Chapter 17

3.2K 577 41
                                    

"Aku tidak mendengar apa yang Ken katakan padamu," balasnya lagi, menekan rokok ke asbak kemudian bangun dan berdiri di pembatas balkon.

"Tapi kau mendengar apa yang aku katakan pada Ken, itu namanya menguping, Riley."

"Aku tidak menguping, Ava," tukasnya dengan santai.

"Terserah lah," balasku dengan kesal. Aku diam, menatap kembali ke depan begitu pun dengan Riley. Rasanya agak aneh, meski kami serumah dan sudah menikah tapi aku dan Riley berdiri di balkon kamar masing-masing seperti tetangga apartemen.

"Aku senang kau suka rumah ini," katanya.

"Hmm..." balasku dengan malas. "Tuh kan, kau menguping!"

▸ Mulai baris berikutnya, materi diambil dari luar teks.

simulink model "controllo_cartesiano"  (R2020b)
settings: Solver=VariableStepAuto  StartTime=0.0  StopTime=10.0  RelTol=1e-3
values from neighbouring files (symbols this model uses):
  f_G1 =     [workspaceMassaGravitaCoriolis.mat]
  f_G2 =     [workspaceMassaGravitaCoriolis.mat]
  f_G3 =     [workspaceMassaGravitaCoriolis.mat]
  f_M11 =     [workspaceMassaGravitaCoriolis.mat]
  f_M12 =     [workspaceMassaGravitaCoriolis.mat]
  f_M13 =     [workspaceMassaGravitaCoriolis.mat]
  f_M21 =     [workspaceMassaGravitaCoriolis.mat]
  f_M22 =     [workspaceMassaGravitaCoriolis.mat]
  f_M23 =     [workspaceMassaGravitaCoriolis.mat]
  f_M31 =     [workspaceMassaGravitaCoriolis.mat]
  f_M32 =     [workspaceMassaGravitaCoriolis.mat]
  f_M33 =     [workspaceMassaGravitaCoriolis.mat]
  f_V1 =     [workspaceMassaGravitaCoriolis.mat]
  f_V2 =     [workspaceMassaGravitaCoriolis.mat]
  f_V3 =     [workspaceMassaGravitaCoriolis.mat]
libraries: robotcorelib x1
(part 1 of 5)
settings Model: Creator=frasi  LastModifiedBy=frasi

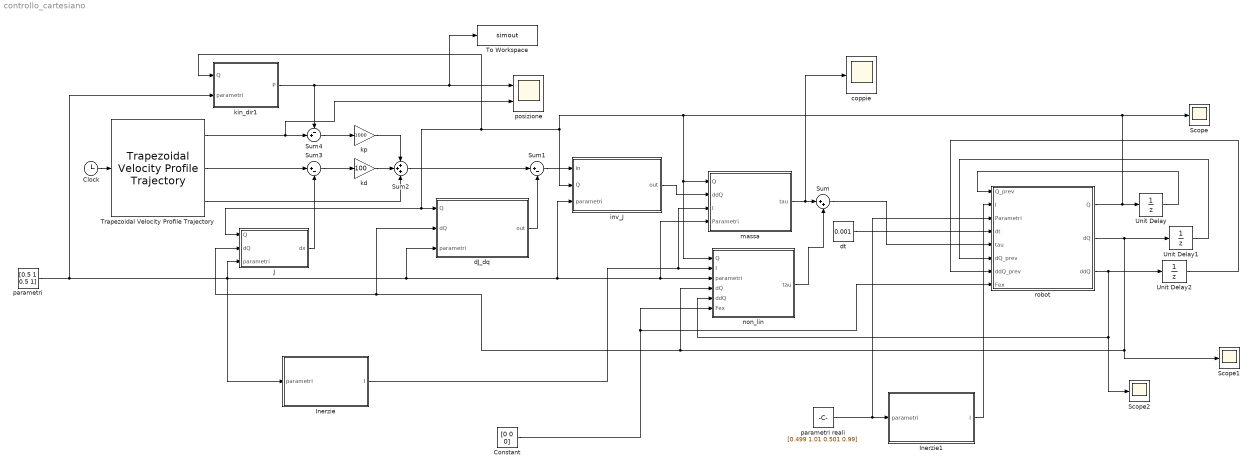
== system controllo_cartesiano ==
  Clock : Clock
  Constant : Constant  Value=[0 0 0]
  Inerzie : MATLAB Function  TreatAsAtomicUnit=on
  Inerzie1 : MATLAB Function  TreatAsAtomicUnit=on
  J : MATLAB Function  TreatAsAtomicUnit=on
  Scope : Scope
  Scope1 : Scope
  Scope2 : Scope
  Sum : Sum  Inputs=|++
  Sum1 : Sum  Inputs=|+-
  Sum2 : Sum  Inputs=+++
  Sum3 : Sum  Inputs=|+-
  Sum4 : Sum  Inputs=-+|
  To Workspace : ToWorkspace  VariableName=simout  SaveFormat=Timeseries  SampleTime=-1
  Trapezoidal Velocity Profile Trajectory : robotcorelib/Trapezoidal Velocity Profile Trajectory  WaypointSource=Internal  Waypoints=[1 1.5; 1.5 2;pi/6 pi/4]  NumParams=1  Parameter1=End Time  Parameter2=Peak Velocity  ParameterSource=Internal  PeakVelocity=[ 4;4 ]  Acceleration=[ 8; 8 ]  EndTime=[ 1; 1 ]  AccelTime=[ 1; 2 ]  SimulateUsing=Interpreted execution
      settings: SourceProductBaseCode=NV,RO,RR,UV
  Unit Delay : UnitDelay  InitialCondition="[0.2403    2.6314    0.9562]"  SampleTime=-1  HasFrameUpgradeWarning=on
  Unit Delay1 : UnitDelay  InitialCondition=[0 0 0]  SampleTime=-1  HasFrameUpgradeWarning=on
  Unit Delay2 : UnitDelay  InitialCondition=[0 0 0]  SampleTime=-1  HasFrameUpgradeWarning=on
  coppie : Scope
  dJ_dq : MATLAB Function  TreatAsAtomicUnit=on
  dt : Constant  Value=0.001
  inv_J : MATLAB Function  TreatAsAtomicUnit=on
  kd : Gain  Gain=100
  kin_dir1 : MATLAB Function  TreatAsAtomicUnit=on
  kp : Gain  Gain=1000
  massa : Subsystem
  non_lin : Subsystem
  parametri : Constant  Value=[0.5 1 0.5 1]
  parametri reali : Constant  Value=[0.499 1.01 0.501 0.99]
  posizione : Scope  NumInputPorts=2
  robot : Subsystem
  wires:
  Trapezoidal Velocity Profile Trajectory/3 -> Sum2/3
  Sum/1 -> robot/5(tau)
  dt/1 -> robot/4(dt)
  kp/1 -> Sum2/1
  Sum3/1 -> kd/1
  Trapezoidal Velocity Profile Trajectory/2 -> Sum3/1
  Sum4/1 -> kp/1
  J/1(dx) -> Sum3/2
  kin_dir1/1(P) -> Sum4/1, To Workspace/1, posizione/1
  Sum1/1 -> inv_J/1(in)
  Sum2/1 -> Sum1/1
  robot/2(dQ) -> Unit Delay1/1, Scope1/1, non_lin/4(dQ), J/2(dQ), dJ_dq/2(dQ)
  non_lin/1(tau) -> Sum/2
  parametri reali/1 -> Inerzie1/1(parametri), robot/3(Parametri)
  parametri/1 -> kin_dir1/2(parametri), inv_J/3(parametri), massa/4(Parametri), non_lin/3(parametri), dJ_dq/3(parametri), Inerzie/1(parametri), J/3(parametri)
  Trapezoidal Velocity Profile Trajectory/1 -> posizione/2, Sum4/2
  kd/1 -> Sum2/2
  massa/1(tau) -> coppie/1, Sum/1
  robot/1(Q) -> non_lin/1(Q), massa/1(Q), kin_dir1/1(Q), J/1(Q), dJ_dq/1(Q), inv_J/2(Q), Scope/1, Unit Delay/1
  Clock/1 -> Trapezoidal Velocity Profile Trajectory/1
  dJ_dq/1(out) -> Sum1/2
  Unit Delay/1 -> robot/1(Q_prev)
  Unit Delay1/1 -> robot/6(dQ_prev)
  inv_J/1(out) -> massa/2(ddQ)
  robot/3(ddQ) -> Unit Delay2/1, Scope2/1, non_lin/5(ddQ)
  Unit Delay2/1 -> robot/7(ddQ_prev)
  Inerzie/1(I) -> massa/3(I), non_lin/2(I)
  Inerzie1/1(I) -> robot/2(I)
  Constant/1 -> non_lin/6(Fex), robot/8(Fex)

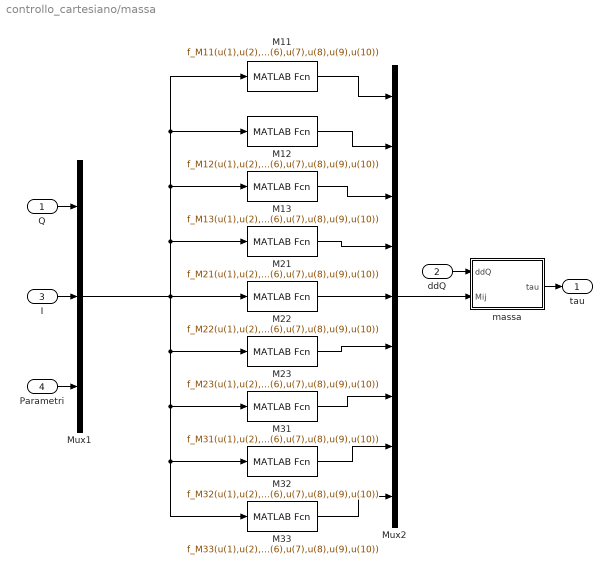
== system controllo_cartesiano/massa ==
  Q : Inport
  ddQ : Inport  Port=2
  I : Inport  Port=3
  Parametri : Inport  Port=4
  M11 : MATLABFcn  MATLABFcn=f_M11(u(1),u(2),u(3),u(4),u(5),u(6),u(7),u(8),u(9),u(10))
  M12 : MATLABFcn  MATLABFcn=f_M12(u(1),u(2),u(3),u(4),u(5),u(6),u(7),u(8),u(9),u(10))
  M13 : MATLABFcn  MATLABFcn=f_M13(u(1),u(2),u(3),u(4),u(5),u(6),u(7),u(8),u(9),u(10))
  M21 : MATLABFcn  MATLABFcn=f_M21(u(1),u(2),u(3),u(4),u(5),u(6),u(7),u(8),u(9),u(10))
  M22 : MATLABFcn  MATLABFcn=f_M22(u(1),u(2),u(3),u(4),u(5),u(6),u(7),u(8),u(9),u(10))
  M23 : MATLABFcn  MATLABFcn=f_M23(u(1),u(2),u(3),u(4),u(5),u(6),u(7),u(8),u(9),u(10))
  M31 : MATLABFcn  MATLABFcn=f_M31(u(1),u(2),u(3),u(4),u(5),u(6),u(7),u(8),u(9),u(10))
  M32 : MATLABFcn  MATLABFcn=f_M32(u(1),u(2),u(3),u(4),u(5),u(6),u(7),u(8),u(9),u(10))
  M33 : MATLABFcn  MATLABFcn=f_M33(u(1),u(2),u(3),u(4),u(5),u(6),u(7),u(8),u(9),u(10))
  Mux1 : Mux  Inputs=3
  Mux2 : Mux  Inputs=9
  massa : MATLAB Function  TreatAsAtomicUnit=on
  tau : Outport
  wires:
  M13/1 -> Mux2/3
  Mux2/1 -> massa/2(Mij)
  M33/1 -> Mux2/9
  M11/1 -> Mux2/1
  Mux1/1 -> M13/1, M12/1, M11/1, M21/1, M31/1, M32/1, M33/1, M23/1, M22/1
  M22/1 -> Mux2/5
  M23/1 -> Mux2/6
  M31/1 -> Mux2/7
  M21/1 -> Mux2/4
  M12/1 -> Mux2/2
  Parametri/1 -> Mux1/3
  M32/1 -> Mux2/8
  ddQ/1 -> massa/1(ddQ)
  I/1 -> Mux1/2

Riley tertawa pelan, dan suara tawanya menggema dengan indah. Aku menyukai tawanya, meski kelakuannya sangat menyebalkan. "Aku juga senang kau tidak cemberut sambil mengunci pintu kamar lagi." Riley berbalik, menatapku dengan senyum geli dan sebelah alis terangkat. "Kau kecewa karena kita tidur terpisah?" tanyanya dengan nada menggoda.

Aku mendengkus, tanpa menunjukan ekspresi apa pun padanya. "Aku justru senang, setidaknya kau tidak akan menggerayangiku dengan kurang ajar."

Riley mengedikan bahunya, mendekat ke pembatas balkon kamar kami. "Sepertinya aku ingin menciummu," katanya.

Aku menoleh dan mengerutkan dahi. "Jangan bilang kau akan––" ucapanku terhenti detik di mana Riley menaiki pembatas balkon dan melompat ke balkonku. "––melompat," lanjutku.

Riley sudah berdiri di balkon kamarku, melangkah ke arahku dan berdiri di depanku. Aku mendongak menatapnya dengan wajah merengut. Ia merundukan wajah, meraih daguku dan mengepit dengan jarinya.

"Aku sudah tak sabar menunggu nanti malam," katanya dengan senyum miring yang membuatnya terlihat seksi.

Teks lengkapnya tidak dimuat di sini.